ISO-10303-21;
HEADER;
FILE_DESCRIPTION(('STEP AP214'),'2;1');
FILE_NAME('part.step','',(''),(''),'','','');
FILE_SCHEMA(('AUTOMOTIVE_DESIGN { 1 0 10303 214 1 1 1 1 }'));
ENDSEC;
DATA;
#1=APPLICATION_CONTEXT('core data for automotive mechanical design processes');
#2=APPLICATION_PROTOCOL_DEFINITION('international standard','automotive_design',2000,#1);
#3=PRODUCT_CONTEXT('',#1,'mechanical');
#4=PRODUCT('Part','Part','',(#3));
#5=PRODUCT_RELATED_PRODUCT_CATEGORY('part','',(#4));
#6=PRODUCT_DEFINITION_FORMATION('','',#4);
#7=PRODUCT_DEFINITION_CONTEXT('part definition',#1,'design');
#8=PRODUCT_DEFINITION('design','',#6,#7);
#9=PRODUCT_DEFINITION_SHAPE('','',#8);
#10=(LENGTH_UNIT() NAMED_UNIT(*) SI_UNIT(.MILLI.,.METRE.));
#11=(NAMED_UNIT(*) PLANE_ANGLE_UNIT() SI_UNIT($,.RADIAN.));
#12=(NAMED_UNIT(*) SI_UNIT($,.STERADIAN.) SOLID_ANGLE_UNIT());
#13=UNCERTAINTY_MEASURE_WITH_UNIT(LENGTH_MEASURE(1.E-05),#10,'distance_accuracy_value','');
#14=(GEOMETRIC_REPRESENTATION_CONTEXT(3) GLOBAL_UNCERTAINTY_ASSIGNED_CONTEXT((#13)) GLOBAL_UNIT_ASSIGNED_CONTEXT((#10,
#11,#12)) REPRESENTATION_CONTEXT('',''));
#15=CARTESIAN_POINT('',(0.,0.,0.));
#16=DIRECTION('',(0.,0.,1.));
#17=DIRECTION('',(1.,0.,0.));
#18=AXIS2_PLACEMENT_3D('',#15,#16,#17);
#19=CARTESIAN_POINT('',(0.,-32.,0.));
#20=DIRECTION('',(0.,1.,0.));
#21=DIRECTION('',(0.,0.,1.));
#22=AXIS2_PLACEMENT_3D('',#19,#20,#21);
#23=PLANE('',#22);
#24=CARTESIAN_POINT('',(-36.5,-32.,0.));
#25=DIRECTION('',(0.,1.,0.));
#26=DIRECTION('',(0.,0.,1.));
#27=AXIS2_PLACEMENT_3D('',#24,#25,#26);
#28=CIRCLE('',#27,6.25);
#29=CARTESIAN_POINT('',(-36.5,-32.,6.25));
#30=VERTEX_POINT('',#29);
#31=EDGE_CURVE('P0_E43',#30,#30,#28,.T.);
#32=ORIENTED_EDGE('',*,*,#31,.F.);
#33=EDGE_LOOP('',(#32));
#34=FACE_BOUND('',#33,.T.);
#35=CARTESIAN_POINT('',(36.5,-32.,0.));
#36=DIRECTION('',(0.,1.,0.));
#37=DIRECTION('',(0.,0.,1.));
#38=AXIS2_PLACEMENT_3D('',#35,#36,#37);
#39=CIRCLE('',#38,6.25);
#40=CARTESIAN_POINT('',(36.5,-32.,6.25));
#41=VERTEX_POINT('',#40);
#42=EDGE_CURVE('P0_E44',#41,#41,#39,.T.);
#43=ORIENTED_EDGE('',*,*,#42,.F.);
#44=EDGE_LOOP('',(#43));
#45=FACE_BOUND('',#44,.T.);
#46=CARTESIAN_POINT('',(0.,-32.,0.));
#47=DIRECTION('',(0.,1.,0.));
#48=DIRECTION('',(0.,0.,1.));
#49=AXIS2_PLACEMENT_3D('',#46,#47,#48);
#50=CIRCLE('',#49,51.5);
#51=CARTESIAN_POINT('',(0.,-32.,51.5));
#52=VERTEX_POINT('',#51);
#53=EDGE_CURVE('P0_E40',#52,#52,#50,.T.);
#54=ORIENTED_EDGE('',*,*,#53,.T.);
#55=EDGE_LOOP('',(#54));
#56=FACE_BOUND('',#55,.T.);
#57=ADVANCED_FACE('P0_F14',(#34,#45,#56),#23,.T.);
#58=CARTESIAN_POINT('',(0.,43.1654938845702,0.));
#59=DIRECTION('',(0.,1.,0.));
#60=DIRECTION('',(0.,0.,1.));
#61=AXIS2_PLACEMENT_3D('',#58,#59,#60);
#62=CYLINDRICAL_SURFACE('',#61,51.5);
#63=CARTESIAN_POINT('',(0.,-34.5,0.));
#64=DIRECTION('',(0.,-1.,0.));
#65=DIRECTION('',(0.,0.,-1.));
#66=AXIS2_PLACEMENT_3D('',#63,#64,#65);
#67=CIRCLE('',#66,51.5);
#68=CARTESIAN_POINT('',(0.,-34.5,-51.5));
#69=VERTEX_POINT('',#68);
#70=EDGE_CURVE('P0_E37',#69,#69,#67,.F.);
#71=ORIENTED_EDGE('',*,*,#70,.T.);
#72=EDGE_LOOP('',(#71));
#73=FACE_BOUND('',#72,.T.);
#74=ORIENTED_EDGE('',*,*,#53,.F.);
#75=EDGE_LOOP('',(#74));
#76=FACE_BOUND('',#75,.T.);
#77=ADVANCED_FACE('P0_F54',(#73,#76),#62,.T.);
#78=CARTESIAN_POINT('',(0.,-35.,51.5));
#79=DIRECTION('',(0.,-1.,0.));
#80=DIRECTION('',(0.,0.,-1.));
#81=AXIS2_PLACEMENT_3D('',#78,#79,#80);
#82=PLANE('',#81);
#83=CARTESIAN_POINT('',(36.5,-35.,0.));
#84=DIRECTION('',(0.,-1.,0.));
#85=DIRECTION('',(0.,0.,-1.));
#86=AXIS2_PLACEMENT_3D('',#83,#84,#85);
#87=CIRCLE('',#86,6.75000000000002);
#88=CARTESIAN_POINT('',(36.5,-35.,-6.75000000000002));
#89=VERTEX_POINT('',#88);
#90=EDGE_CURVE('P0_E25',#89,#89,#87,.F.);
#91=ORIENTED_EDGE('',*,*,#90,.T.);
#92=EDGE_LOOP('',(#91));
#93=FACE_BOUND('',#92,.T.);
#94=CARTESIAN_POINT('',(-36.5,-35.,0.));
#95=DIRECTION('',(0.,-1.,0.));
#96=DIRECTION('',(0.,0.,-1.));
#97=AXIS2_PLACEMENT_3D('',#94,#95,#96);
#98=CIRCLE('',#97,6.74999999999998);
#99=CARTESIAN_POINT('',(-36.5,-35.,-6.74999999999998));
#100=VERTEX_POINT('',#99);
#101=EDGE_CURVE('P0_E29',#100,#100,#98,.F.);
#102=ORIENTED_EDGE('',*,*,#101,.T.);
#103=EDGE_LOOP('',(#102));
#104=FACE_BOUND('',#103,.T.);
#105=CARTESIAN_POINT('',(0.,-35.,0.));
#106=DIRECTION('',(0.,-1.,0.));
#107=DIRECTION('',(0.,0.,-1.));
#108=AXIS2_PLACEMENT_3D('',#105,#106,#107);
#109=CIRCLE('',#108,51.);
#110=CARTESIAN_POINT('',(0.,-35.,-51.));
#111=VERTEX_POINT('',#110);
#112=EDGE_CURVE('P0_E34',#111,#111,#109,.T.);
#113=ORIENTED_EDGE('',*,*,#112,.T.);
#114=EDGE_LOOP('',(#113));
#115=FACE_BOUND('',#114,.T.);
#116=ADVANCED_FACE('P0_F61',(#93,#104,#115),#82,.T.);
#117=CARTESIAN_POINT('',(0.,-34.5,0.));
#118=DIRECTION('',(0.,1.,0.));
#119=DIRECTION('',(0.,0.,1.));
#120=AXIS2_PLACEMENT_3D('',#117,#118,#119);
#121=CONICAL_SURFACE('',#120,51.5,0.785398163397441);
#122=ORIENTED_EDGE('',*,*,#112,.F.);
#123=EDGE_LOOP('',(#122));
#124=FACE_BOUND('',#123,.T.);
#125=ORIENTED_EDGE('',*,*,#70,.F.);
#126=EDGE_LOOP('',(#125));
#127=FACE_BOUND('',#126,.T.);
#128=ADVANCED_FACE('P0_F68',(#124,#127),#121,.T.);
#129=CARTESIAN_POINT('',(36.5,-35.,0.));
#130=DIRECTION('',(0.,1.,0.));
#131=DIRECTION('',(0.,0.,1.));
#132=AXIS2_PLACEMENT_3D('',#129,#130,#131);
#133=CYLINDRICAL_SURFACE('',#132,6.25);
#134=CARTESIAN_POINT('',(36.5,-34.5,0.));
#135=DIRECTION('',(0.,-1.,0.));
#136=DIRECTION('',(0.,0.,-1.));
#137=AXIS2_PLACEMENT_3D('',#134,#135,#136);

*-*-*

_What the task requires_: Set down, exactly as they stand above, the lines starting with the line with "#53=EDGE_CURVE('P0_E40',#52,#52,#50,.T.);" and going on through the line with "#81=AXIS2_PLACEMENT_3D('',#78,#79,#80);", and no others.

_Written reply_:
#53=EDGE_CURVE('P0_E40',#52,#52,#50,.T.);
#54=ORIENTED_EDGE('',*,*,#53,.T.);
#55=EDGE_LOOP('',(#54));
#56=FACE_BOUND('',#55,.T.);
#57=ADVANCED_FACE('P0_F14',(#34,#45,#56),#23,.T.);
#58=CARTESIAN_POINT('',(0.,43.1654938845702,0.));
#59=DIRECTION('',(0.,1.,0.));
#60=DIRECTION('',(0.,0.,1.));
#61=AXIS2_PLACEMENT_3D('',#58,#59,#60);
#62=CYLINDRICAL_SURFACE('',#61,51.5);
#63=CARTESIAN_POINT('',(0.,-34.5,0.));
#64=DIRECTION('',(0.,-1.,0.));
#65=DIRECTION('',(0.,0.,-1.));
#66=AXIS2_PLACEMENT_3D('',#63,#64,#65);
#67=CIRCLE('',#66,51.5);
#68=CARTESIAN_POINT('',(0.,-34.5,-51.5));
#69=VERTEX_POINT('',#68);
#70=EDGE_CURVE('P0_E37',#69,#69,#67,.F.);
#71=ORIENTED_EDGE('',*,*,#70,.T.);
#72=EDGE_LOOP('',(#71));
#73=FACE_BOUND('',#72,.T.);
#74=ORIENTED_EDGE('',*,*,#53,.F.);
#75=EDGE_LOOP('',(#74));
#76=FACE_BOUND('',#75,.T.);
#77=ADVANCED_FACE('P0_F54',(#73,#76),#62,.T.);
#78=CARTESIAN_POINT('',(0.,-35.,51.5));
#79=DIRECTION('',(0.,-1.,0.));
#80=DIRECTION('',(0.,0.,-1.));
#81=AXIS2_PLACEMENT_3D('',#78,#79,#80);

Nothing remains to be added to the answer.